Scariest tunnels in U.S. which make truck drivers cry

June 23, 20210

A survey conducted on social media showed that truck drivers try to avoid some U.S. tunnels. Here they are!

Chesapeake Bay Bridge Tunnel

The Chesapeake Bay Bridge–Tunnel (CBBT) is a 17.6-mile bridge–tunnel that carries U.S. Highway 13 at the mouth of the Chesapeake Bay, the Hampton Roads harbor, and nearby mouths of the James and Elizabeth rivers in Virginia.

Mark Hawkins, an owner-operator, has hauled freight through this tunnel several times in a 53-foot trailer. With just one lane in each direction, each only 12 feet wide, the tunnel made Hawkins nervous, he acknowledged.
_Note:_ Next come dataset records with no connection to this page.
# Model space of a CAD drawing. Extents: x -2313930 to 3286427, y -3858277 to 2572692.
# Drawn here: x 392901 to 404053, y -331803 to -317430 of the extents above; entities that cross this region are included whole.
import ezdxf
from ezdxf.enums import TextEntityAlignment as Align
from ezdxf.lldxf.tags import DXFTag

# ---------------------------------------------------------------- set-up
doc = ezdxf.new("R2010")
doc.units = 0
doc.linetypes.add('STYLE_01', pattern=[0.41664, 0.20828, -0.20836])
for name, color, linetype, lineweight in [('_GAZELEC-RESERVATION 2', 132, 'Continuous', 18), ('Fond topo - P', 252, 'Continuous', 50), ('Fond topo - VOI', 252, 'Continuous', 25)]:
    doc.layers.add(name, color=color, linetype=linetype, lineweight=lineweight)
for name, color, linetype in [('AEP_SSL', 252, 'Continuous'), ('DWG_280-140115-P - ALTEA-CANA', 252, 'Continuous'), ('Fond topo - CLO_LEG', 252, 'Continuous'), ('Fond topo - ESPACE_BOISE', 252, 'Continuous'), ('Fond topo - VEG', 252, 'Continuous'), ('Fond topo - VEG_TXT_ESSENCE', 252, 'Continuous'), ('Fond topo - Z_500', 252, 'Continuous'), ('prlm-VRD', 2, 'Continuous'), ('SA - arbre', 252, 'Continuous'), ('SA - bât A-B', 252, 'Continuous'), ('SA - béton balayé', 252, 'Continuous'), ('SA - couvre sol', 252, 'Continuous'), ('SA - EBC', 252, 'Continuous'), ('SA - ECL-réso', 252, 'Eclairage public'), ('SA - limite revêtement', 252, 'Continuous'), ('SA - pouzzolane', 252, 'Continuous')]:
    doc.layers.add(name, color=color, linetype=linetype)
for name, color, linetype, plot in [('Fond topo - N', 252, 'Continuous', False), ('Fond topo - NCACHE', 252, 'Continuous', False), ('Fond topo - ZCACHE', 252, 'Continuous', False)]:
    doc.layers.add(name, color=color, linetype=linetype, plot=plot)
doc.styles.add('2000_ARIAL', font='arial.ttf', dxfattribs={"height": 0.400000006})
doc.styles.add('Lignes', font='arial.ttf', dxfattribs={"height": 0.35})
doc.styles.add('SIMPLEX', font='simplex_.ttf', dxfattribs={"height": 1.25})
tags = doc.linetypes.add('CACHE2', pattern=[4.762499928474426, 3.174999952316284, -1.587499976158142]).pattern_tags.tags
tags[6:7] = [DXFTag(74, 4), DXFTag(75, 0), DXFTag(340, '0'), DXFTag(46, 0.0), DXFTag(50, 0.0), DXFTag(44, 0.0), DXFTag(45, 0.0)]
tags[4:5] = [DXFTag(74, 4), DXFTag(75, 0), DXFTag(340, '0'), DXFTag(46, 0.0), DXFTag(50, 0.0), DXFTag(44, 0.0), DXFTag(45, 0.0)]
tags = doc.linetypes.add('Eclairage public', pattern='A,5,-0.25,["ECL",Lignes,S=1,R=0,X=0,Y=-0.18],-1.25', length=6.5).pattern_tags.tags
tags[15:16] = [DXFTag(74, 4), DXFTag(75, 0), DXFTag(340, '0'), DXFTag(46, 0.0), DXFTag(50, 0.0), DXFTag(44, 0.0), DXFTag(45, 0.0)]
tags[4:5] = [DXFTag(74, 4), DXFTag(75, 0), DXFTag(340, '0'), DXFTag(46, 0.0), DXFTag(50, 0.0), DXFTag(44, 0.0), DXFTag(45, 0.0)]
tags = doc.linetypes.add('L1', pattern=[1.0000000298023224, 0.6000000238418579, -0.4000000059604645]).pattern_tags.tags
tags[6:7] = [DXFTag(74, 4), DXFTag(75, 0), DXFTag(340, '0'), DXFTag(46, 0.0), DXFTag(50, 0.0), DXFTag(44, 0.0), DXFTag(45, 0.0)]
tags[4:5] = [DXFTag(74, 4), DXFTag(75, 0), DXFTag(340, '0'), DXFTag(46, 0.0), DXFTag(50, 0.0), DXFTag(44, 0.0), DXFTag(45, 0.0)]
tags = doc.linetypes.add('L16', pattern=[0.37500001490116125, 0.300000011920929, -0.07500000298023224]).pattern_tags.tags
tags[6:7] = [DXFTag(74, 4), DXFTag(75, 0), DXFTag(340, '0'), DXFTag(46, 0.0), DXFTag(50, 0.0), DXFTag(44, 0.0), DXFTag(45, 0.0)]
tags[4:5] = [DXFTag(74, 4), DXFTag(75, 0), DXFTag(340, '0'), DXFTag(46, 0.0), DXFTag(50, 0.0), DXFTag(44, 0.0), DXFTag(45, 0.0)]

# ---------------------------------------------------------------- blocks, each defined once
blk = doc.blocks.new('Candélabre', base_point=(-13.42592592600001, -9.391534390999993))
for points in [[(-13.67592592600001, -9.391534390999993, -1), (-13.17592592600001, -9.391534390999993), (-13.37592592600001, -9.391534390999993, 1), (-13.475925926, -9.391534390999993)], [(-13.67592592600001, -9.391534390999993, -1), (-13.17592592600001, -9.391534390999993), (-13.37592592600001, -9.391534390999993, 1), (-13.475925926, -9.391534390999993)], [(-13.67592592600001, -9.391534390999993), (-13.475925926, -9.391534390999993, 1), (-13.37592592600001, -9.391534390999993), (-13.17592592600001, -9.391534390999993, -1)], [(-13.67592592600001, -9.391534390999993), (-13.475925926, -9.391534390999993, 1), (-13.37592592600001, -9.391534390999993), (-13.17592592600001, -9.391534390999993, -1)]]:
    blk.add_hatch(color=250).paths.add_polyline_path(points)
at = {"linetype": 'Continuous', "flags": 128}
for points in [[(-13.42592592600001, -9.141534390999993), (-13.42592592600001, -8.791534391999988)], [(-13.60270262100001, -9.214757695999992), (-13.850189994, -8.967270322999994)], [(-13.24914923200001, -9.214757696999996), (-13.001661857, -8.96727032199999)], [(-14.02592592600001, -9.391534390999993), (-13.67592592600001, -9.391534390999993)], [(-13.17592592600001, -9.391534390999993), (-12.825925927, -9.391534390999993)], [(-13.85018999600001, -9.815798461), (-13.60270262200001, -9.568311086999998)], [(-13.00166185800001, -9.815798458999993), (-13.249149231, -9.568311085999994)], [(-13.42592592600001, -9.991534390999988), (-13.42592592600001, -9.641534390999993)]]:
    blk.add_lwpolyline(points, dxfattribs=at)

“The very first time I passed through I admit I white knuckled it,” Hawkins said. “My senses were on high alert, feeling terribly claustrophobic with absolutely no bailout position.”

Wind River Canyon Tunnels

These three tunnels are located along U.S. Highway 20-State Route 789 in northwestern Wyoming, between the towns of Shoshoni and Thermopolis. The tunnels are drilled through solid rock. Also there is a truss bridge that crosses the Wind River just below the nearby dam.

“In good weather, there are a lot of motorcycles and RVs on that route. I usually drive carefully through these tunnels, ”said driver Krista Lorraine.

Eisenhower-Johnson Memorial Tunnel 

The Eisenhower-Johnson Memorial Tunnel is the highest vehicular tunnel in the United States, with an maximum elevation of 11,158 feet. It is the highest point on the interstate highway system.

It carries Interstate 70 through the Continental Divide about 60 miles west of Denver and is named for two late politicians — U.S. President Dwight D. Eisenhower and Colorado governor Edwin C. Johnson.

This tunnel is a popular route for truck drivers to avoid the twisty US Highway 6 over Loveland Pass. However, this section of I-70 is often disconnected for extended periods of time during severe snowstorms.

Tetsuo Harano Tunnels

The Tetsuo Harano Tunnels are a pair of highway tunnels passing through the Ko‘olau Range on the Hawaiian island of Oahu. The tunnels are located on Interstate H-3, which connects part of Honolulu with Interstate H-1 near Pearl Harbor. The tunnels are each a little less than a mile long and are named for a former state highways administrator who served for 52 years.

The tunnels are not as scary as people say. However, many drivers are afraid of getting in and out of them.